Segment Open

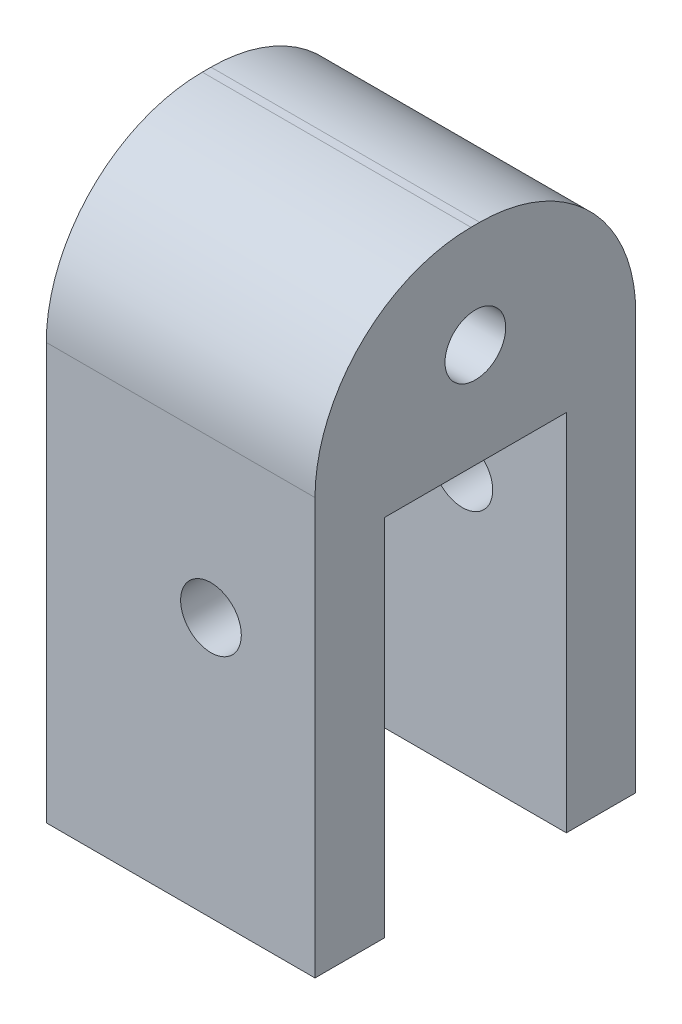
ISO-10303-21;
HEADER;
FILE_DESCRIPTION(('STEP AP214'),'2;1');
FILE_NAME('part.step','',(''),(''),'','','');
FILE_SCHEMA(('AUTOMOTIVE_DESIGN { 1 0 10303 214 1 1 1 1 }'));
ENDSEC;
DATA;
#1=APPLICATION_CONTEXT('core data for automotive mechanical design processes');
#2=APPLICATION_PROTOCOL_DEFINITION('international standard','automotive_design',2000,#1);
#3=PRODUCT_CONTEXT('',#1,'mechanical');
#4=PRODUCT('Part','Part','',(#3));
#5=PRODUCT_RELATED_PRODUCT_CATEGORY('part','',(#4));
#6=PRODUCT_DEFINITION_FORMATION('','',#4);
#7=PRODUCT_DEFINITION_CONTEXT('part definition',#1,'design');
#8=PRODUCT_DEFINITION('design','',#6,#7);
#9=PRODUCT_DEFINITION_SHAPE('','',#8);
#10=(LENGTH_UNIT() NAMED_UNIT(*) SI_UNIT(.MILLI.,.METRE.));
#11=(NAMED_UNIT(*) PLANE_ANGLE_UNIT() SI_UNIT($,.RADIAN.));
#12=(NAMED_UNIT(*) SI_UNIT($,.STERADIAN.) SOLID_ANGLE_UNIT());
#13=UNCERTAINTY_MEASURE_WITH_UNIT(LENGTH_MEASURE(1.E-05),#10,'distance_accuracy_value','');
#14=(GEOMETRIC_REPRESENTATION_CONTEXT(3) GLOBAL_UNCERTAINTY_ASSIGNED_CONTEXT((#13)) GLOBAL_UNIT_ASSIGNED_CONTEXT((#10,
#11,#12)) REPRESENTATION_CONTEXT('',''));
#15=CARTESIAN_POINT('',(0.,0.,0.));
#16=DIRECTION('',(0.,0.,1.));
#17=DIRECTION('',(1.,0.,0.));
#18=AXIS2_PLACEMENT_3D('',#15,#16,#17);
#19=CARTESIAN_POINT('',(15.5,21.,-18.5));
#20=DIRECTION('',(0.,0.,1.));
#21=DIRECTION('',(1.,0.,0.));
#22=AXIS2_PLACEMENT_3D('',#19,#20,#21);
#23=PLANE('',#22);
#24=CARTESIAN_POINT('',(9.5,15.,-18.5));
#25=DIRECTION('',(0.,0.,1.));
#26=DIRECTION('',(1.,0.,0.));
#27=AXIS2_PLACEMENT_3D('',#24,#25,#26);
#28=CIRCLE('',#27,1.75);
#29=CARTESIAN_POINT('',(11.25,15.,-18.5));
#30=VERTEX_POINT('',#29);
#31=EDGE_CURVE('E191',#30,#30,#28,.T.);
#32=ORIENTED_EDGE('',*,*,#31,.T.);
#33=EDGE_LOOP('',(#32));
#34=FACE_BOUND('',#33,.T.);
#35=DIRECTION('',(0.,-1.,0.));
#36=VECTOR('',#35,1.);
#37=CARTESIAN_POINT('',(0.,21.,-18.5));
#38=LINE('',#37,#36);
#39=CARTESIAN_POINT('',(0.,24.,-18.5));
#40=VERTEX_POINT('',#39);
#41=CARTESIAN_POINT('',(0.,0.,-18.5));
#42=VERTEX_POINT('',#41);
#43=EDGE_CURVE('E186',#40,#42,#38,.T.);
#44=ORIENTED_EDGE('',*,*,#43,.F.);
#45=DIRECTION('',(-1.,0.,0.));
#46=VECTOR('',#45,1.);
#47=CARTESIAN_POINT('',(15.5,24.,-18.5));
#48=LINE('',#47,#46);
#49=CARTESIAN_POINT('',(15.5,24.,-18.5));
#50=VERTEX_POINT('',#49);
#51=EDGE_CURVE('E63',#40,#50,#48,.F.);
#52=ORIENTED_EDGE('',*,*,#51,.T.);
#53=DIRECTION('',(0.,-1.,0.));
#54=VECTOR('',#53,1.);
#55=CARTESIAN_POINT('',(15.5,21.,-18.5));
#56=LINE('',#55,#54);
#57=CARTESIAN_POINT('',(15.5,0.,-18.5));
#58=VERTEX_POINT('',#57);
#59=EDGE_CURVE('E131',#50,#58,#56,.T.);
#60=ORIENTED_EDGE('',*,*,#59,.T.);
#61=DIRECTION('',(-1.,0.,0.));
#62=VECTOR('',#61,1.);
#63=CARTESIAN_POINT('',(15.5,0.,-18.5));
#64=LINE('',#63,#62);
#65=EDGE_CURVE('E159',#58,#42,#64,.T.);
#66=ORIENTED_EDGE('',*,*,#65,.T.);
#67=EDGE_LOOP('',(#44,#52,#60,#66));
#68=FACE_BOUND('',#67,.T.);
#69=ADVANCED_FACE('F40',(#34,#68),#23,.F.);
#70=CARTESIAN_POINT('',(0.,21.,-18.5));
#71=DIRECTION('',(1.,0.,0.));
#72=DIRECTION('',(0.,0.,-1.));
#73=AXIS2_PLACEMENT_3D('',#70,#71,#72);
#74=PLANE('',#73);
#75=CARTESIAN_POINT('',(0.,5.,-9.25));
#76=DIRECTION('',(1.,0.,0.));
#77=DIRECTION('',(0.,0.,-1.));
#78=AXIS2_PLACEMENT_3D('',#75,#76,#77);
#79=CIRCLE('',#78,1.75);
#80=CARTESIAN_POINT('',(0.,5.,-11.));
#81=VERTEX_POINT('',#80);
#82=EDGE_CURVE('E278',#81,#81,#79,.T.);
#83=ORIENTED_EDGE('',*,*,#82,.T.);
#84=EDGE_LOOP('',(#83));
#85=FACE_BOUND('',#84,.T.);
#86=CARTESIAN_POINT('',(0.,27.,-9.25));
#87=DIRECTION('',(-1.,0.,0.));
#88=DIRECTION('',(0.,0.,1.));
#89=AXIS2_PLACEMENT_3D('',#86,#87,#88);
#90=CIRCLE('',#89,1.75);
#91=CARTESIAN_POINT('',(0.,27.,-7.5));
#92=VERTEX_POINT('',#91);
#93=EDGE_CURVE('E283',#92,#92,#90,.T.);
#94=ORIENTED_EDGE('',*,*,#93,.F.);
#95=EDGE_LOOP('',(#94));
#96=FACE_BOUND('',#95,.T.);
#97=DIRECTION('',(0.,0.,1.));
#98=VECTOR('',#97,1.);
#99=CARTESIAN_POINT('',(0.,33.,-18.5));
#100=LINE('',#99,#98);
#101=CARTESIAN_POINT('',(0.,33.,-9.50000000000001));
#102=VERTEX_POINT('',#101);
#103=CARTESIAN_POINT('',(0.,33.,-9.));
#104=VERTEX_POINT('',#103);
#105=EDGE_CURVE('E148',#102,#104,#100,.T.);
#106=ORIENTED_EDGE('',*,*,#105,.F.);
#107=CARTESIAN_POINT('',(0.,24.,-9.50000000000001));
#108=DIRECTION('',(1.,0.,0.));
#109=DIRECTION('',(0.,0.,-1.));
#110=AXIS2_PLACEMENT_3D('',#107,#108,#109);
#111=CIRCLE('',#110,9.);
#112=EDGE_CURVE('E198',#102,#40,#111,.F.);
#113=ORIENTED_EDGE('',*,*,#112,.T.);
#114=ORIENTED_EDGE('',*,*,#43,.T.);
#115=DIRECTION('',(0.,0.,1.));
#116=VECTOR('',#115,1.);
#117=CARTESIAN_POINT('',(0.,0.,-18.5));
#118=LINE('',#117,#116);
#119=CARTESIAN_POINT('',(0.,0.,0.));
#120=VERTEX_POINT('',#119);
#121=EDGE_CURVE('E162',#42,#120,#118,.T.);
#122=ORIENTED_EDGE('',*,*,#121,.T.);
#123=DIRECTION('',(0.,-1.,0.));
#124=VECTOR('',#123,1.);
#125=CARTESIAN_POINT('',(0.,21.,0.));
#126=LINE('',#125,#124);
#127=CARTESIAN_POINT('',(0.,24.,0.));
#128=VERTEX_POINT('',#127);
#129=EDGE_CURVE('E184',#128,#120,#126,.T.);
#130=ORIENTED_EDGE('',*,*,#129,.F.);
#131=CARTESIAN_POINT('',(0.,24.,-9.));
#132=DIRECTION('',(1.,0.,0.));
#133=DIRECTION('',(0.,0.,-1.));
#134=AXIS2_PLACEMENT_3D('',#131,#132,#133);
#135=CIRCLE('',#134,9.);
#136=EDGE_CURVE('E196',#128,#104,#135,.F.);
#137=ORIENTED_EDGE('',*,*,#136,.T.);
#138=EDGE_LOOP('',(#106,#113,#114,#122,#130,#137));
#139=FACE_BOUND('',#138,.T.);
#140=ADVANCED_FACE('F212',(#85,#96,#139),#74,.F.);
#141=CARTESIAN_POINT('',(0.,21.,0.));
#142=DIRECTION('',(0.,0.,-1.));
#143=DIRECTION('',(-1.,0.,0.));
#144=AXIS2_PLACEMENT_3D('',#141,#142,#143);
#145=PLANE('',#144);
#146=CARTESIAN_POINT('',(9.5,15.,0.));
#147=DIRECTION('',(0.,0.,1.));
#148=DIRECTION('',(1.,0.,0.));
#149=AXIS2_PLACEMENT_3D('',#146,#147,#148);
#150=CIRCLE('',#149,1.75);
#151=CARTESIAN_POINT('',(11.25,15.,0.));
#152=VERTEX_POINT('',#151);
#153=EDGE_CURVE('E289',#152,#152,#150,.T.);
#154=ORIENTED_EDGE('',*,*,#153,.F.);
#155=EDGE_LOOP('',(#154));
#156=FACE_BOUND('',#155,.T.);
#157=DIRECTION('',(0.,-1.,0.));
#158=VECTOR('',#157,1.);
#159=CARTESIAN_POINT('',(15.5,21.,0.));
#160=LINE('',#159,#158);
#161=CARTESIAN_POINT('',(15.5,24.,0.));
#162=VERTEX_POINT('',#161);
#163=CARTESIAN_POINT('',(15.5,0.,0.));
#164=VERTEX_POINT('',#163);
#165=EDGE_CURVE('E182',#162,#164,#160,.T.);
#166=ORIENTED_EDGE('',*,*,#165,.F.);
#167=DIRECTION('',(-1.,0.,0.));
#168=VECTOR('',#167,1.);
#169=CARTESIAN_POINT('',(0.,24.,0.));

Segment Closed

◆ Try it
Every line above from the line with "#31=EDGE_CURVE('E191',#30,#30,#28,.T.);" to the line with "#47=CARTESIAN_POINT('',(15.5,24.,-18.5));", inclusive, must be returned exactly; no other line belongs in the reply.

◆ Solution for this task
#31=EDGE_CURVE('E191',#30,#30,#28,.T.);
#32=ORIENTED_EDGE('',*,*,#31,.T.);
#33=EDGE_LOOP('',(#32));
#34=FACE_BOUND('',#33,.T.);
#35=DIRECTION('',(0.,-1.,0.));
#36=VECTOR('',#35,1.);
#37=CARTESIAN_POINT('',(0.,21.,-18.5));
#38=LINE('',#37,#36);
#39=CARTESIAN_POINT('',(0.,24.,-18.5));
#40=VERTEX_POINT('',#39);
#41=CARTESIAN_POINT('',(0.,0.,-18.5));
#42=VERTEX_POINT('',#41);
#43=EDGE_CURVE('E186',#40,#42,#38,.T.);
#44=ORIENTED_EDGE('',*,*,#43,.F.);
#45=DIRECTION('',(-1.,0.,0.));
#46=VECTOR('',#45,1.);
#47=CARTESIAN_POINT('',(15.5,24.,-18.5));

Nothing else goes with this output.